(Extracted records)
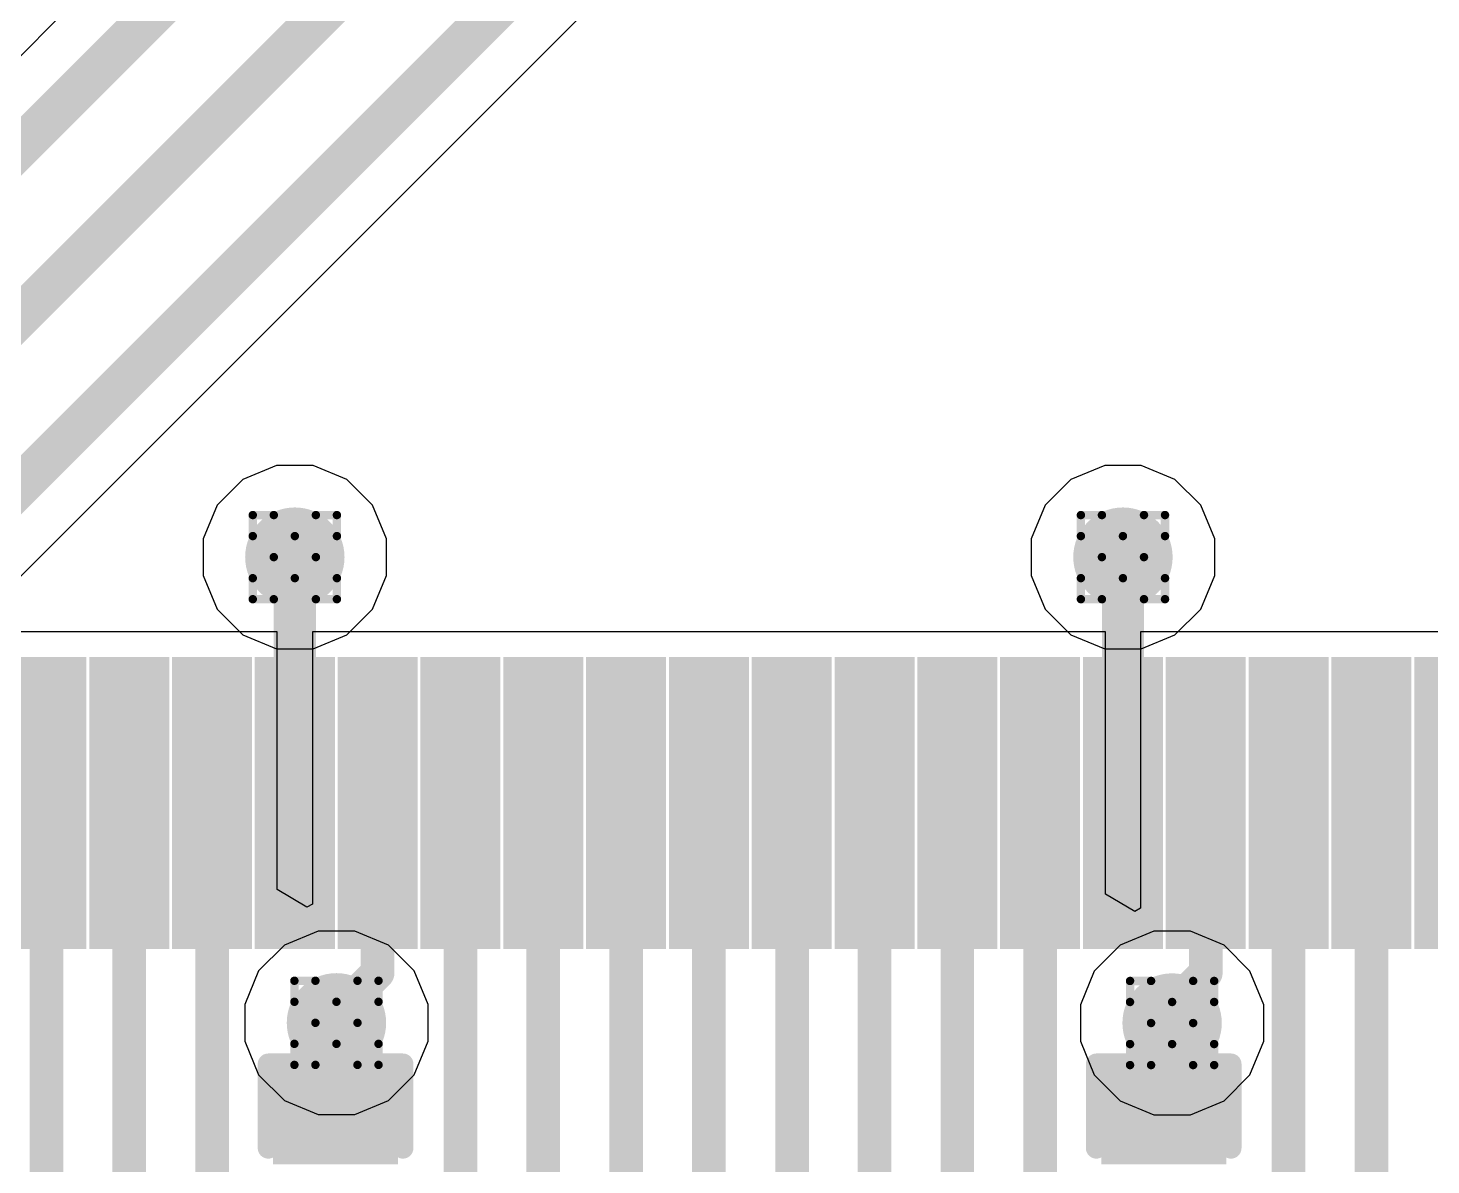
# Model space of a CAD drawing. Header units: inches. Extents: x -11 to 5379, y 0 to 5429.
# Drawn here: x 144.94 to 153.41, y 42.94 to 49.8 of the extents above; entities that cross this region are included whole.
import ezdxf

# ---------------------------------------------------------------- set-up
doc = ezdxf.new("R2010")
doc.units = ezdxf.units.IN
for name, color, linetype in [('Bottom Layer', 5, 'Continuous'), ('Drill Drawing', 1, 'Continuous'), ('GND', 16, 'Continuous'), ('PWR', 76, 'Continuous'), ('Top Layer', 1, 'Continuous'), ('Top Overlay', 2, 'Continuous'), ('Top Paste', 8, 'Continuous'), ('Top Solder', 216, 'Continuous'), ('Via Holes', 16, 'Continuous')]:
    doc.layers.add(name, color=color, linetype=linetype)

# ---------------------------------------------------------------- blocks, each defined once
blk = doc.blocks.new('LQFP_144_20_20__157')
at = {"layer": 'Top Layer'}
for points in [[(-3.39, -11.46), (-3.39, -9.9), (-3.11, -9.9), (-3.11, -11.46)], [(-2.89, -11.46), (-2.89, -9.9), (-2.61, -9.9), (-2.61, -11.46)], [(-2.39, -11.46), (-2.39, -9.9), (-2.11, -9.9), (-2.11, -11.46)], [(-1.89, -11.46), (-1.89, -9.9), (-1.61, -9.9), (-1.61, -11.46)], [(-1.39, -11.46), (-1.39, -9.9), (-1.11, -9.9), (-1.11, -11.46)], [(-0.89, -11.46), (-0.89, -9.9), (-0.61, -9.9), (-0.61, -11.46)], [(-0.39, -11.46), (-0.39, -9.9), (-0.11, -9.9), (-0.11, -11.46)], [(0.11, -11.46), (0.11, -9.9), (0.39, -9.9), (0.39, -11.46)], [(0.61, -11.46), (0.61, -9.9), (0.89, -9.9), (0.89, -11.46)], [(1.11, -11.46), (1.11, -9.9), (1.39, -9.9), (1.39, -11.46)], [(1.61, -11.46), (1.61, -9.9), (1.89, -9.9), (1.89, -11.46)], [(2.11, -11.46), (2.11, -9.9), (2.39, -9.9), (2.39, -11.46)], [(2.61, -11.46), (2.61, -9.9), (2.89, -9.9), (2.89, -11.46)], [(3.11, -11.46), (3.11, -9.9), (3.39, -9.9), (3.39, -11.46)], [(3.61, -11.46), (3.61, -9.9), (3.89, -9.9), (3.89, -11.46)], [(4.11, -11.46), (4.11, -9.9), (4.39, -9.9), (4.39, -11.46)], [(4.61, -11.46), (4.61, -9.9), (4.89, -9.9), (4.89, -11.46)]]:
    blk.add_hatch(color=1, dxfattribs=at).paths.add_polyline_path(points)
at = {"layer": 'Top Paste'}
for points in [[(-3.39, -11.46), (-3.39, -9.9), (-3.11, -9.9), (-3.11, -11.46)], [(-2.89, -11.46), (-2.89, -9.9), (-2.61, -9.9), (-2.61, -11.46)], [(-2.39, -11.46), (-2.39, -9.9), (-2.11, -9.9), (-2.11, -11.46)], [(-1.89, -11.46), (-1.89, -9.9), (-1.61, -9.9), (-1.61, -11.46)], [(-1.39, -11.46), (-1.39, -9.9), (-1.11, -9.9), (-1.11, -11.46)], [(-0.89, -11.46), (-0.89, -9.9), (-0.61, -9.9), (-0.61, -11.46)], [(-0.39, -11.46), (-0.39, -9.9), (-0.11, -9.9), (-0.11, -11.46)], [(0.11, -11.46), (0.11, -9.9), (0.39, -9.9), (0.39, -11.46)], [(0.61, -11.46), (0.61, -9.9), (0.89, -9.9), (0.89, -11.46)], [(1.11, -11.46), (1.11, -9.9), (1.39, -9.9), (1.39, -11.46)], [(1.61, -11.46), (1.61, -9.9), (1.89, -9.9), (1.89, -11.46)], [(2.11, -11.46), (2.11, -9.9), (2.39, -9.9), (2.39, -11.46)], [(2.61, -11.46), (2.61, -9.9), (2.89, -9.9), (2.89, -11.46)], [(3.11, -11.46), (3.11, -9.9), (3.39, -9.9), (3.39, -11.46)], [(3.61, -11.46), (3.61, -9.9), (3.89, -9.9), (3.89, -11.46)], [(4.11, -11.46), (4.11, -9.9), (4.39, -9.9), (4.39, -11.46)], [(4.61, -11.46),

INSTRUCTIONS FOR THE TASK: The records above are to be copied exactly, with no pictures carried over.

OUTPUT:
# Model space of a CAD drawing. Header units: inches. Extents: x -11 to 5379, y 0 to 5429.
# Drawn here: x 144.94 to 153.41, y 42.94 to 49.8 of the extents above; entities that cross this region are included whole.
import ezdxf

# ---------------------------------------------------------------- set-up
doc = ezdxf.new("R2010")
doc.units = ezdxf.units.IN
for name, color, linetype in [('Bottom Layer', 5, 'Continuous'), ('Drill Drawing', 1, 'Continuous'), ('GND', 16, 'Continuous'), ('PWR', 76, 'Continuous'), ('Top Layer', 1, 'Continuous'), ('Top Overlay', 2, 'Continuous'), ('Top Paste', 8, 'Continuous'), ('Top Solder', 216, 'Continuous'), ('Via Holes', 16, 'Continuous')]:
    doc.layers.add(name, color=color, linetype=linetype)

# ---------------------------------------------------------------- blocks, each defined once
blk = doc.blocks.new('LQFP_144_20_20__157')
at = {"layer": 'Top Layer'}
for points in [[(-3.39, -11.46), (-3.39, -9.9), (-3.11, -9.9), (-3.11, -11.46)], [(-2.89, -11.46), (-2.89, -9.9), (-2.61, -9.9), (-2.61, -11.46)], [(-2.39, -11.46), (-2.39, -9.9), (-2.11, -9.9), (-2.11, -11.46)], [(-1.89, -11.46), (-1.89, -9.9), (-1.61, -9.9), (-1.61, -11.46)], [(-1.39, -11.46), (-1.39, -9.9), (-1.11, -9.9), (-1.11, -11.46)], [(-0.89, -11.46), (-0.89, -9.9), (-0.61, -9.9), (-0.61, -11.46)], [(-0.39, -11.46), (-0.39, -9.9), (-0.11, -9.9), (-0.11, -11.46)], [(0.11, -11.46), (0.11, -9.9), (0.39, -9.9), (0.39, -11.46)], [(0.61, -11.46), (0.61, -9.9), (0.89, -9.9), (0.89, -11.46)], [(1.11, -11.46), (1.11, -9.9), (1.39, -9.9), (1.39, -11.46)], [(1.61, -11.46), (1.61, -9.9), (1.89, -9.9), (1.89, -11.46)], [(2.11, -11.46), (2.11, -9.9), (2.39, -9.9), (2.39, -11.46)], [(2.61, -11.46), (2.61, -9.9), (2.89, -9.9), (2.89, -11.46)], [(3.11, -11.46), (3.11, -9.9), (3.39, -9.9), (3.39, -11.46)], [(3.61, -11.46), (3.61, -9.9), (3.89, -9.9), (3.89, -11.46)], [(4.11, -11.46), (4.11, -9.9), (4.39, -9.9), (4.39, -11.46)], [(4.61, -11.46), (4.61, -9.9), (4.89, -9.9), (4.89, -11.46)]]:
    blk.add_hatch(color=1, dxfattribs=at).paths.add_polyline_path(points)
at = {"layer": 'Top Paste'}
for points in [[(-3.39, -11.46), (-3.39, -9.9), (-3.11, -9.9), (-3.11, -11.46)], [(-2.89, -11.46), (-2.89, -9.9), (-2.61, -9.9), (-2.61, -11.46)], [(-2.39, -11.46), (-2.39, -9.9), (-2.11, -9.9), (-2.11, -11.46)], [(-1.89, -11.46), (-1.89, -9.9), (-1.61, -9.9), (-1.61, -11.46)], [(-1.39, -11.46), (-1.39, -9.9), (-1.11, -9.9), (-1.11, -11.46)], [(-0.89, -11.46), (-0.89, -9.9), (-0.61, -9.9), (-0.61, -11.46)], [(-0.39, -11.46), (-0.39, -9.9), (-0.11, -9.9), (-0.11, -11.46)], [(0.11, -11.46), (0.11, -9.9), (0.39, -9.9), (0.39, -11.46)], [(0.61, -11.46), (0.61, -9.9), (0.89, -9.9), (0.89, -11.46)], [(1.11, -11.46), (1.11, -9.9), (1.39, -9.9), (1.39, -11.46)], [(1.61, -11.46), (1.61, -9.9), (1.89, -9.9), (1.89, -11.46)], [(2.11, -11.46), (2.11, -9.9), (2.39, -9.9), (2.39, -11.46)], [(2.61, -11.46), (2.61, -9.9), (2.89, -9.9), (2.89, -11.46)], [(3.11, -11.46), (3.11, -9.9), (3.39, -9.9), (3.39, -11.46)], [(3.61, -11.46), (3.61, -9.9), (3.89, -9.9), (3.89, -11.46)], [(4.11, -11.46), (4.11, -9.9), (4.39, -9.9), (4.39, -11.46)], [(4.61, -11.46),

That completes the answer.